Он говорил по-русски. Сначала Нико обрадовался — ему порядком надоело это гортанное щебетание. Да и старик казался приветливым — в конце концов, вдали от Родины и монаху-черноряснику русскому рад будешь.
— Привезли, — радостно заулыбался он.
— И хорошо. А то — душа вся в дырах да черная. Подлечить бы тебя — да трудно это. Как в больнице говорят-то? Лекарствами уже не обойтись. Нужна операция.
Нико нахмурился — ему совсем не хотелось слушать дурацкие проповеди. И к чему говорить о душе, что, он может ее видеть?
Он хотел ответить дерзко, но — одумался. Куда ему идти? Он ведь сейчас зависит от них. От Елизаветы. От мальчишки. От старика. Может, старший брат нормальный будет. Раз у него какой-то замок...
— Один мужик поехал в лес за дровами. Утомившись от трудов, лег отдохнуть под большим дубом и, смотря на ветви дуба и видя на нем множество крупных желудей, подумал: «Было бы лучше, если бы на дубе росли тыквы». С этой мыслью закрыл глаза, и вдруг упал один желудь и больно ударил его по губам. Тогда мужик и говорит: «Я ошибся, Бог умнее меня и хорошо устроил, что на дубе желуди, а не тыквы», — проговорил старик. — Так и ты — радуйся, что желуди, а не тыквы.
Он засмеялся.
И повернулся к мальчику:
— Накорми его. Он так голоден и так устал, что ему не хватит сил выучить урок.
Нико встрепенулся — посмотрел на старика с вызовом, хотел сказать: «Я не маленький мальчик, мне нет нужды в ваших уроках». В груди закипало раздражение, — но старик смотрел со спокойной, насмешливой и участливой улыбкой.
— Все, что ты творишь, — выходки неразумного мальчишки, — проговорил он тихо. — Мальчишки, который из кожи вон лезет, чтобы показать всем, что он умный и самостоятельный, — а на деле он глуп, и труслив, и дерзок, не более того. Там, где мерещится свобода, нередко оказывается тюрьма. Зачем телу свобода, если душа — в оковах?
— Моя душа свободна. Мой разум, вернее, — поправился Нико.

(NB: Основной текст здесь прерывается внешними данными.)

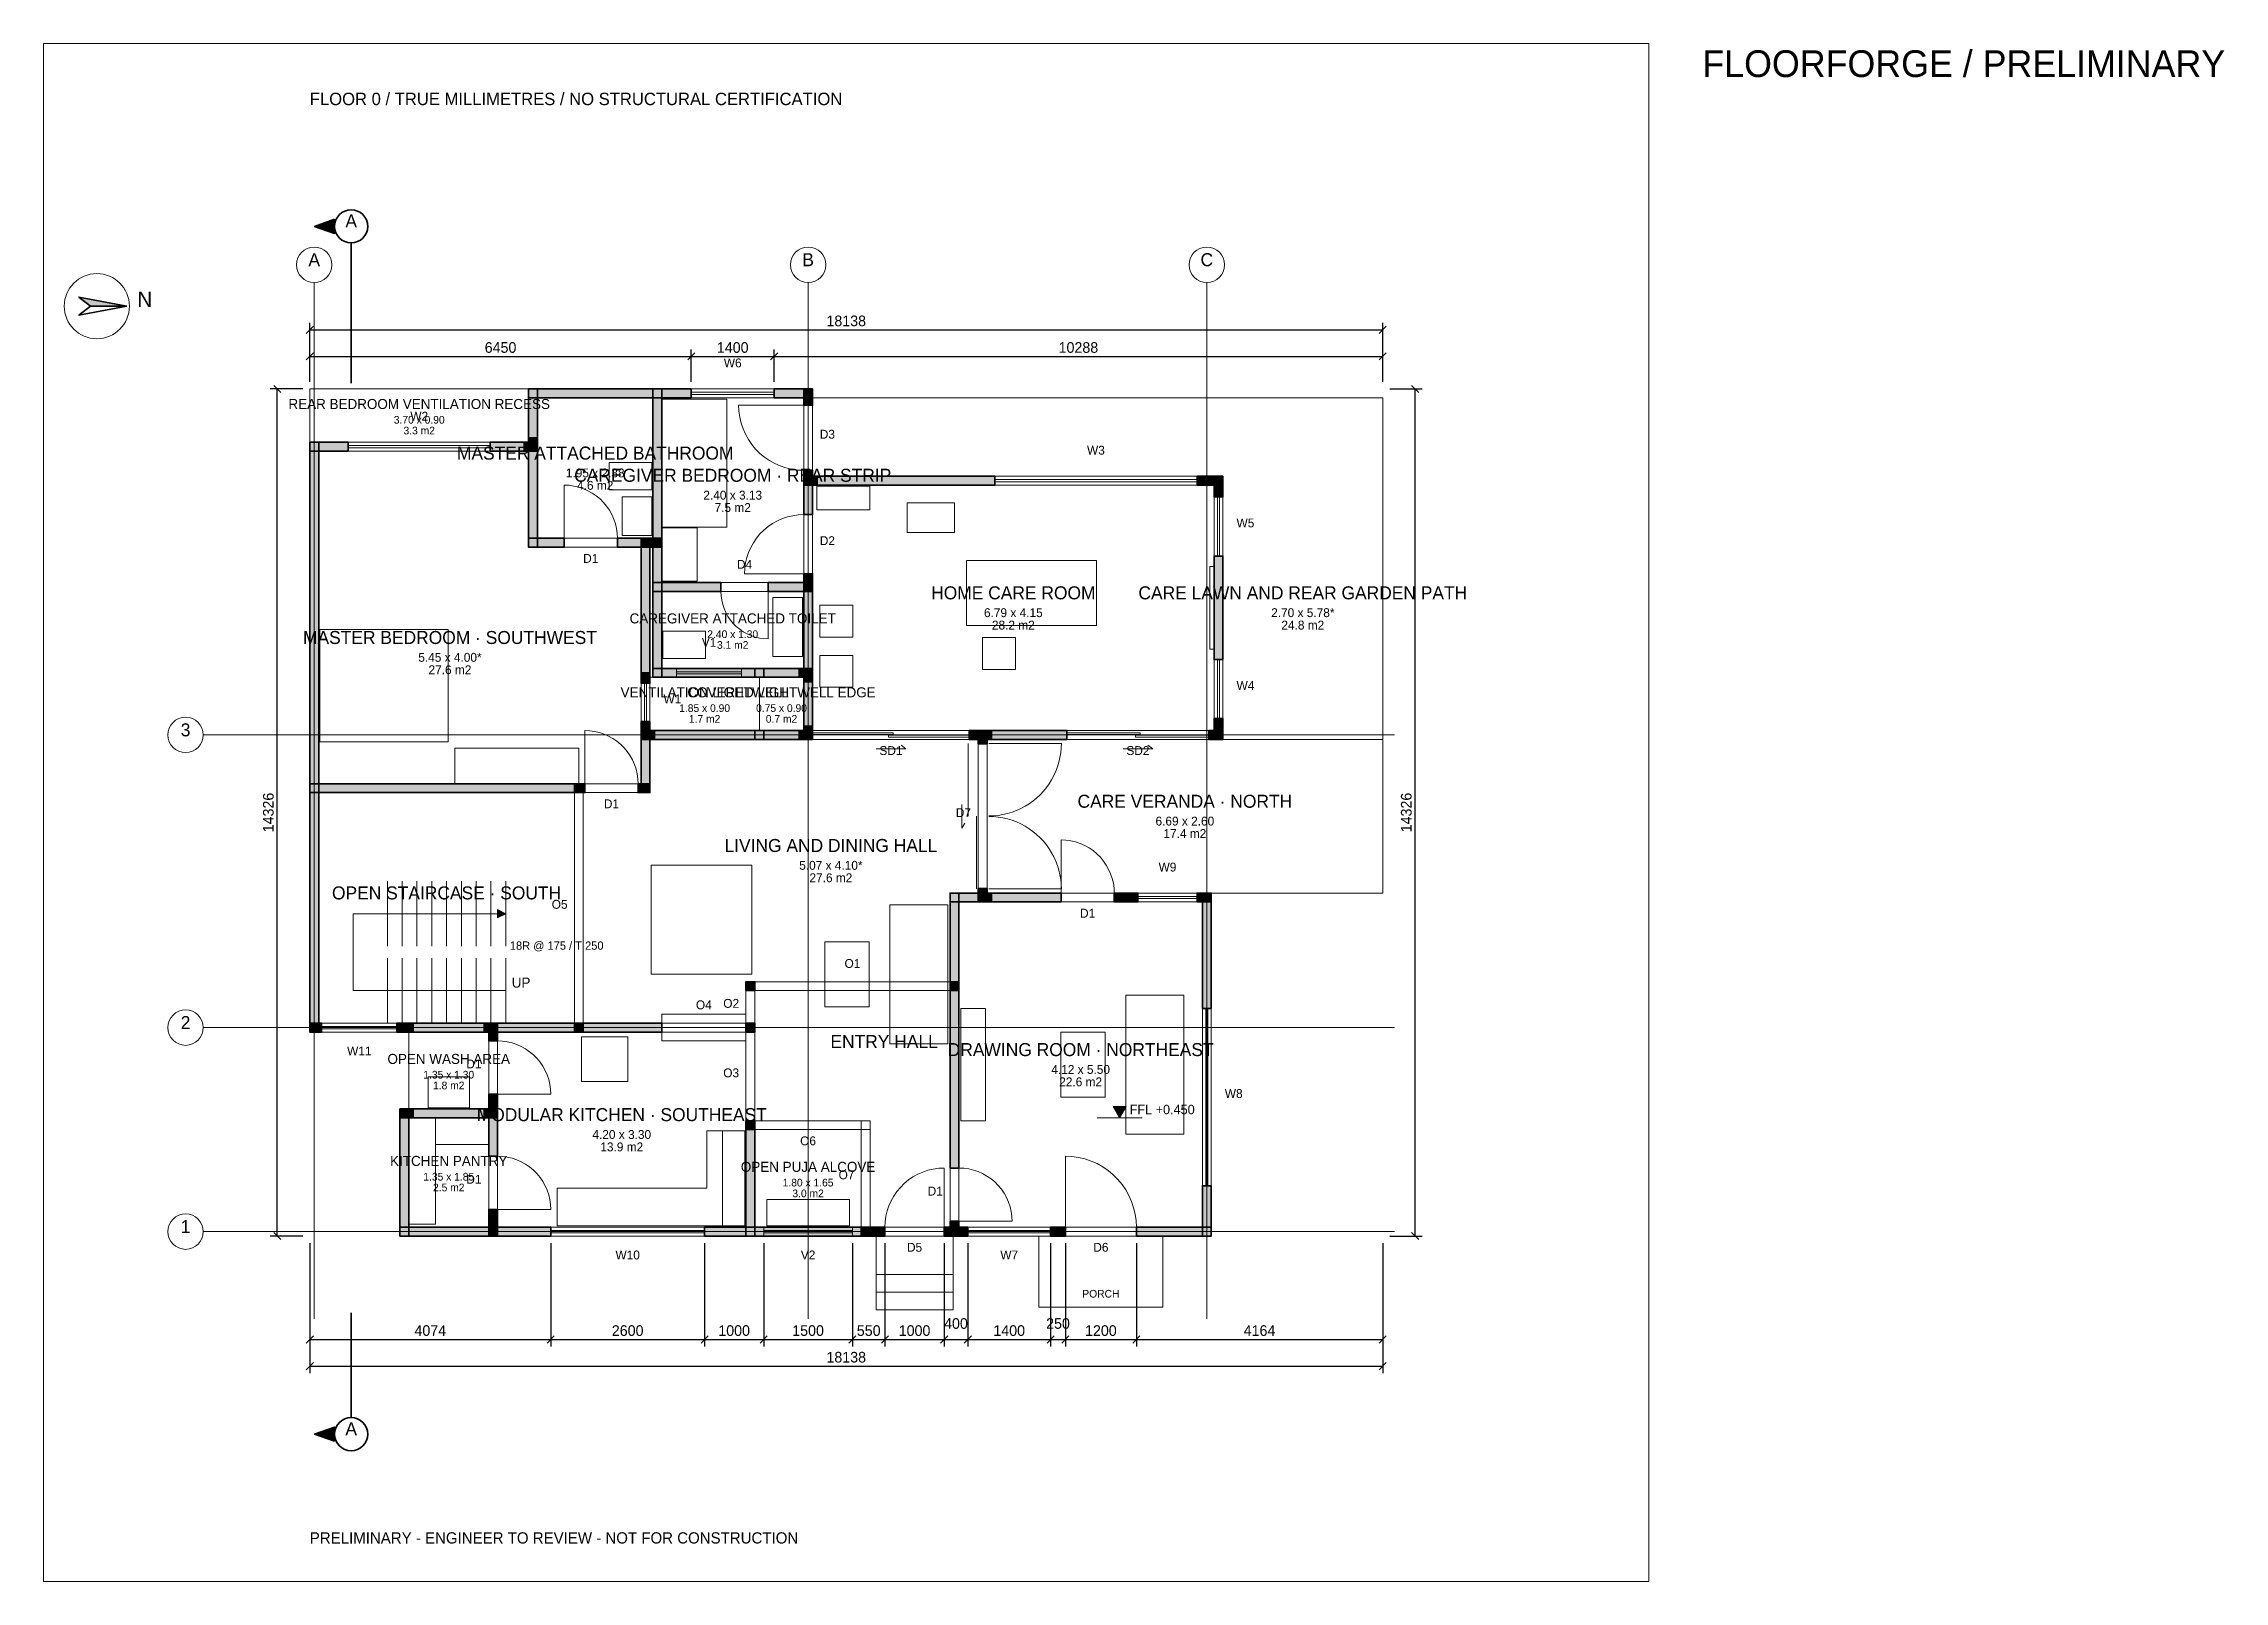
# Paper-space layout 'GROUND' of a CAD drawing. Header units: millimetres. Extents: x 20 to 346, y 30 to 260.
# The model-space entities are those that its viewports show. They can reach past a viewport. Long polylines and large blocks are cut down to what shows.
import ezdxf
from ezdxf.enums import TextEntityAlignment as Align

# ---------------------------------------------------------------- set-up
doc = ezdxf.new("R2010")
doc.units = ezdxf.units.MM
for name, color, linetype, lineweight in [('A-ANNO', 7, 'Continuous', 18), ('A-DIMS', 7, 'Continuous', 13), ('A-DOOR', 3, 'Continuous', 18), ('A-EXT', 30, 'Continuous', 18), ('A-FLOR', 8, 'Continuous', 13), ('A-FURN', 8, 'Continuous', 13), ('A-GRID', 8, 'Continuous', 13), ('A-LEVL', 7, 'Continuous', 13), ('A-SECT', 1, 'Continuous', 35), ('A-STAIR', 7, 'Continuous', 18), ('A-TAGS', 1, 'Continuous', 13), ('A-WALL', 7, 'Continuous', 35), ('A-WIND', 4, 'Continuous', 18)]:
    doc.layers.add(name, color=color, linetype=linetype, lineweight=lineweight)
doc.dimstyles.new('FF-ARCH', dxfattribs={"dimtxt": 180, "dimasz": 90, "dimexe": 120, "dimexo": 120, "dimgap": 60, "dimtad": 1, "dimdec": 0, "dimtsz": 60, "dimcen": 2.5, "dimazin": 3, "dimtfac": 1, "dimtmove": 0, "dimatfit": 3})

msp = doc.modelspace()

# ---------------------------------------------------------------- hatches: boundary and pattern name
at = {"layer": 'A-LEVL'}
msp.add_hatch(color=7, dxfattribs=at).paths.add_polyline_path([(13580, 2190), (13800, 2190), (13690, 2000)])
at = {"layer": 'A-SECT'}
for points in [[(420, 17196), (80, 17076), (420, 16956)], [(420, -3470), (80, -3350), (420, -3230)]]:
    msp.add_hatch(color=7, dxfattribs=at).paths.add_polyline_path(points)
at = {"layer": 'A-STAIR'}
msp.add_hatch(color=7, dxfattribs=at).paths.add_polyline_path([(3172, 5380), (3172, 5520), (3312, 5450)])
at = {"layer": 'A-WALL'}
for points in [[(-3094, 15726), (-3902.5, 15880), (-3710, 15726)], [(3700, 14251), (3700, 14326), (3850, 14326), (3850, 13426), (3850, 13351), (3700, 13351), (3700, 14251)], [(5875, 14326), (5950, 14326), (5950, 14176), (3775, 14176), (3700, 14176), (3700, 14326), (5875, 14326)], [(5800, 14251), (5800, 14326), (5950, 14326), (5950, 11725), (5950, 11650), (5800, 11650), (5800, 14251)], [(5875, 14176), (5800, 14176), (5800, 14326), (6450, 14326), (6450, 14176), (5875, 14176)], [(8500, 14326), (8500, 14176), (7850, 14176), (7850, 14326), (8425, 14326), (8500, 14326)], [(8350, 14251), (8350, 14326), (8500, 14326), (8500, 14176), (8500, 14101), (8350, 14101), (8350, 14251)], [(8350, 14251), (8500, 14251), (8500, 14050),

— Душа... — засмеялся старик. — Именно душа. Она же у тебя скована ржавыми цепями. Ржа пожирает уже и ее, одни лишь дыры скоро останутся, и все твои метания — это лишь следствие болезни твоей души. А — так как тебе больно, ты хочешь, чтобы и другим стало так же больно. Вот и придумываешь, как сделать так, чтобы кому-то стало так же больно, как тебе. Чтобы — твоя ржа дотронулась до их душ... Тебе нужен урок.
Он встал.
— Мне же пора на молитву. Время подходит — сторож с Сеира кричит...
Он что-то тихо сказал мальчику — тот кивнул, и они вышли вдвоем — Нико удивился, что их движения так легки, словно они оба ходят не по земле, а немного — над ней.
Они остались вдвоем с Елизаветой — та молчала, и — когда подняла глаза, ему показалось, что смотрит она на него с состраданием.
Он решил, что она думает, будто ему тяжело тут, в монастыре.
— Мне не тяжело, — сказал он. — Мне любопытно... Например, вот эта икона... Кто это?